Understand data storage for a modern data warehouse

Completed

Although you have the opportunity to ingest data at the source directly into a data warehouse, it is more typical to store the source data within a staging area, which is also referred to as a landing zone. This typically is a neutral storage area that sits between the source systems and the data warehouse. The main reason for adding a staging area into the architecture of a modern data warehouse is for any one of the following reasons:

To reduce contention on source systems

Source systems typically play an important role in fulfilling business operations that either bring in revenue to an organization, or provides a function that is mission critical to the business. As a result, ingesting data from these systems must minimize the resource usage against the source system so it does not disrupt it. As a result, some data warehouse design strategies will involve grabbing data at a source, and “dumping” the data into a staging area.

This approach involves no transformation or cleansing. It simply grabs the data, so it minimizes the contention on the source system. This may also involve having the source system output data into text files, that are then collected by your Extract, Transform and Load (ETL) process.

Enables you to deal with the ingestion of source systems on different schedules.

Staging environments provide a great place to store data from different source systems regardless of the schedule on which the data is ingested. For example, you may grab data from some source systems in the early evening because this is the time when they are at their quietest, and then it may not be until the early hours of the morning until you can grab data from other system as they have backup process running on them first before you are able to ingest the data. Having a staging area enables you to handle these different schedules

To join data together from different source systems

A staging environment provides the opportunity to bring together a single view of data from different source systems. As the staging area is independent from the source systems and the data warehouse, you have the freedom to perform any work you need without impacting these systems.

You can even create additional tables that can aid the process of joining data together from different source systems, referred to as mapping tables. In this scenario, imagine that you have a customer’s table in one source system, that has a column named FirstName. In a second source system, perhaps running an AS400 system, you have customer’s table that has a column named FIRNAM that also represents the first name of the customer too.

You can create a separate table that contains metadata that maps the data in a column from one source system, with another column from another source system that represent the same business entity.

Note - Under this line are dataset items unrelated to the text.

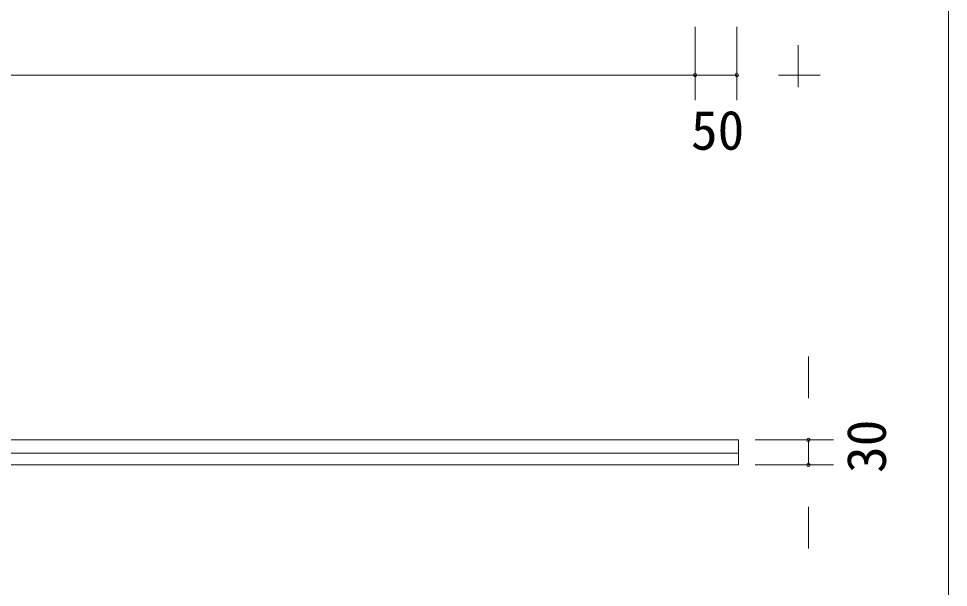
# Model space of a CAD drawing. Units: millimetres, scale not verified. Extents: x -2012 to 2012, y -1388 to 1388.
# Drawn here: x 899 to 2012, y -39 to 642 of the extents above; entities that cross this region are included whole.
import ezdxf
from ezdxf.enums import TextEntityAlignment as Align

# ---------------------------------------------------------------- set-up
doc = ezdxf.new("R2010")
doc.units = ezdxf.units.MM
doc.header["$LTSCALE"] = 8
doc.header["$PDMODE"] = 32
doc.header["$PDSIZE"] = 4
for name, color, linetype, lineweight in [('0-0_(3m)ｸﾘｱﾊﾟﾈﾙ', 7, 'Continuous', 9), ('0-2_0', 7, 'Continuous', 9), ('1-4_図面枠', 7, 'Continuous', 9)]:
    doc.layers.add(name, color=color, linetype=linetype, lineweight=lineweight)
doc.styles.add('ＭＳ ゴシック', font='')
doc.styles.get('ＭＳ ゴシック').set_extended_font_data('MS Gothic')

msp = doc.modelspace()

# ---------------------------------------------------------------- linework, layer by layer
at = {"layer": '0-0_(3m)ｸﾘｱﾊﾟﾈﾙ'}
for p, q in [((-1238.876, 137.514), (1761.124, 137.514)), ((1761.124, 137.514), (1761.124, 107.514)), ((-1238.876, 121.514), (1761.124, 121.514))]:
    msp.add_line(p, q, dxfattribs=at)
msp.add_lwpolyline([(-1238.876, 137.514), (-1238.876, 107.514), (1761.124, 107.514)], dxfattribs=at)
at = {"layer": '0-2_0'}
for p, q in [((1709.127, 631.853), (1709.127, 544.206)), ((1759.127, 631.853), (1759.127, 544.206)), ((1709.127, 579.853), (1709.127, 604.206)), ((1832.702, 609.853), (1832.702, 559.853)), ((-1190.873, 574.206), (1709.127, 574.206)), ((1659.127, 574.206), (-1140.873, 574.206)), ((1659.127, 574.206), (1609.127, 574.206)), ((1809.127, 574.206), (1859.127, 574.206)), ((1844.947, 187.514), (1844.947, 237.514)), ((1781.124, 137.514), (1874.947, 137.514)), ((1781.124, 107.514), (1874.947, 107.514)), ((1844.947, 57.514), (1844.947, 7.514))]:
    msp.add_line(p, q, dxfattribs=at)
for points in [[(1759.127, 574.206), (1709.127, 574.206), (1759.127, 574.206)], [(1844.947, 137.514), (1844.947, 107.514), (1844.947, 137.514)]]:
    msp.add_lwpolyline(points, dxfattribs=at)
for p in [(1709.127, 574.206), (1759.127, 574.206), (1844.947, 137.514), (1844.947, 107.514)]:
    msp.add_point(p, dxfattribs=at)
at = {"layer": '1-4_図面枠'}
msp.add_line((2012.5, -1237.5), (2012.5, 1387.5), dxfattribs=at)
msp.add_lwpolyline([(-2012.5, -1387.5), (2012.5, -1387.5), (2012.5, 1387.5), (-2012.5, 1387.5)], dxfattribs=at)

# ---------------------------------------------------------------- texts
at = {"layer": '0-2_0', "color": 2, "style": 'ＭＳ ゴシック'}
msp.add_text('50', height=46.92, dxfattribs=at).set_placement((1704.242, 470.81), align=Align.BOTTOM_LEFT)
msp.add_text('30', height=46.92, rotation=90, dxfattribs=at).set_placement((1951.764, 97.914), align=Align.BOTTOM_LEFT)

doc.saveas('drawing.dxf')

In this case firstname.

To rerun failed data warehouse loads from a staging area

Not all data warehouse loads will complete successfully, so your data warehouse has to be able to handle scenarios where a rerun of the ETL process may have to occur during core business hours, and needs to occur without disrupting the source systems again. By holding onto the staging data, you are able to rerun the ETL process from the staging area, rather than the source system.

In a modern data warehouse architecture, the source data can be so varied. The variety and volume of data that is generated and analyzed today is increasing. Companies have multiple sources of data, from websites to Point of Sale (POS) systems, and more recently from social media sites to Internet of Things (IoT) devices. Each source provides an essential aspect of data that needs to be collected, analyzed, and potentially acted upon.

Based on this, Azure Data Lake Gen 2 is the ideal storage solution for hosting staging data as it contains a set of capabilities dedicated to big data analytics known as a data lake. A data lake is a repository of data that is stored in its natural format, usually as blobs or files. Azure Data Lake Storage is a comprehensive, scalable, and cost-effective data lake solution for big data analytics built into Azure.

Azure Data Lake Storage combines a file system with a storage platform to help you quickly identify insights into your data. Data Lake Storage Gen2 builds on Azure Blob storage capabilities to optimize it specifically for analytics workloads. This integration enables analytics performance, the tiering and data lifecycle management capabilities of Blob storage, and the high-availability, security, and durability capabilities of Azure Storage.